| Data extracted from a collection |
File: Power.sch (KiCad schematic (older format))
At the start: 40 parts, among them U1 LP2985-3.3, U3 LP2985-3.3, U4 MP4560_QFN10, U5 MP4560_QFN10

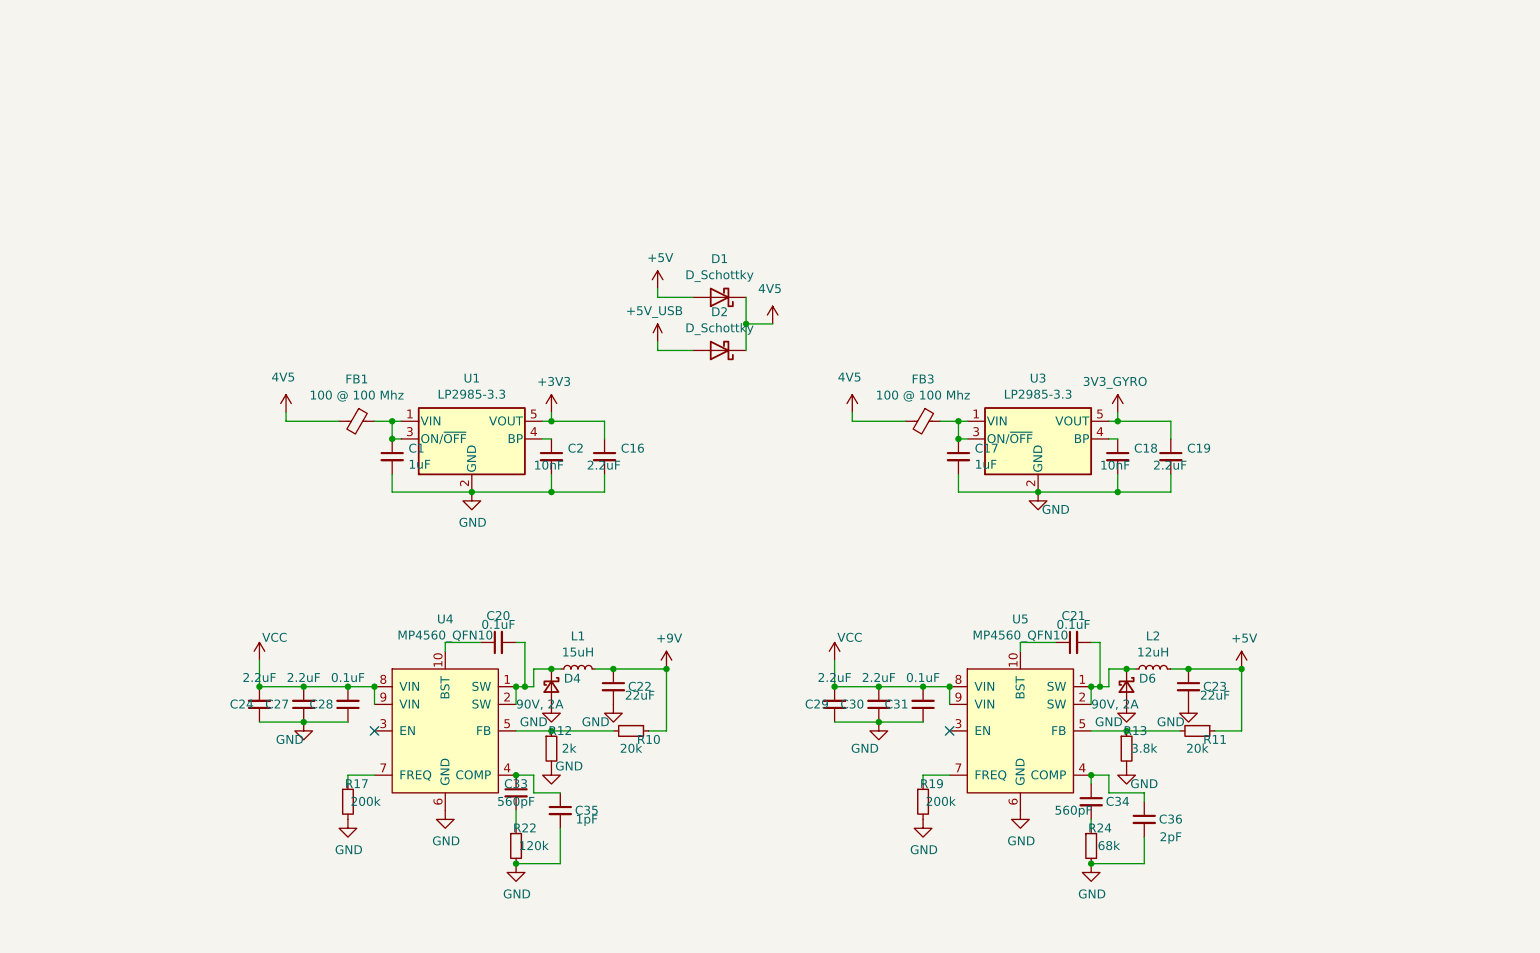
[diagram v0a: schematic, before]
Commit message: Updated the schematics to include pictures
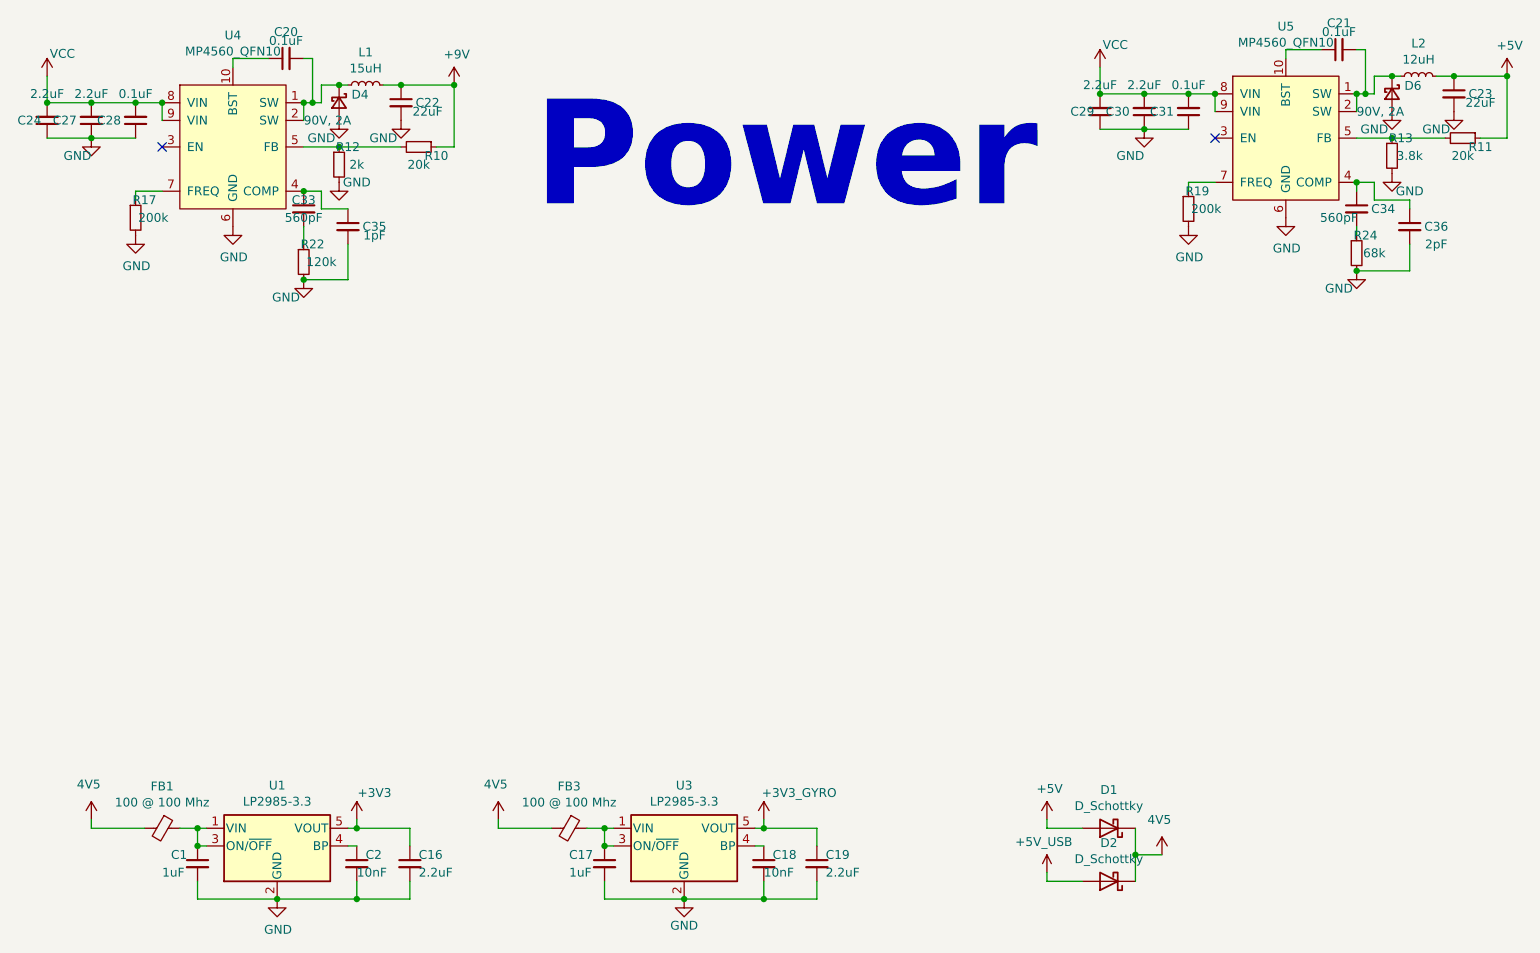
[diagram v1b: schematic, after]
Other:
- note added: "Power"
- moved on the sheet: C1, C16, C17, C18, C19, C2, C20, C21, C22, C23, C24, C27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

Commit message: Changed around routing
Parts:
- removed C27, C30: 2.2uF, Capacitor_SMD:C_0603_1608Metric, symbol Device:C_Small
- C24, C29: value 2.2uF -> 4.7uF
- C33, C34: value 560pF -> 390pF
- C36: value 2pF -> 1pF
- L1, L2: footprint Inductor_SMD:L_XGL4030 -> Inductor_SMD:L_Bourns-SRN3015
- R22: value 120k -> 165k
- R24: value 68k -> 93.1k
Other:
- moved on the sheet: C24, C29

| WHAT IS NEEDED |
Exact copies of the entries above are needed, without their pictures.

| ANSWER TO THE EXERCISE |
File: Power.sch (KiCad schematic (older format))
At the start: 40 parts, among them U1 LP2985-3.3, U3 LP2985-3.3, U4 MP4560_QFN10, U5 MP4560_QFN10

[diagram v0a: schematic, before]
Commit message: Updated the schematics to include pictures
[diagram v1b: schematic, after]
Other:
- note added: "Power"
- moved on the sheet: C1, C16, C17, C18, C19, C2, C20, C21, C22, C23, C24, C27

Commit message: Changed around routing
Parts:
- removed C27, C30: 2.2uF, Capacitor_SMD:C_0603_1608Metric, symbol Device:C_Small
- C24, C29: value 2.2uF -> 4.7uF
- C33, C34: value 560pF -> 390pF
- C36: value 2pF -> 1pF
- L1, L2: footprint Inductor_SMD:L_XGL4030 -> Inductor_SMD:L_Bourns-SRN3015
- R22: value 120k -> 165k
- R24: value 68k -> 93.1k
Other:
- moved on the sheet: C24, C29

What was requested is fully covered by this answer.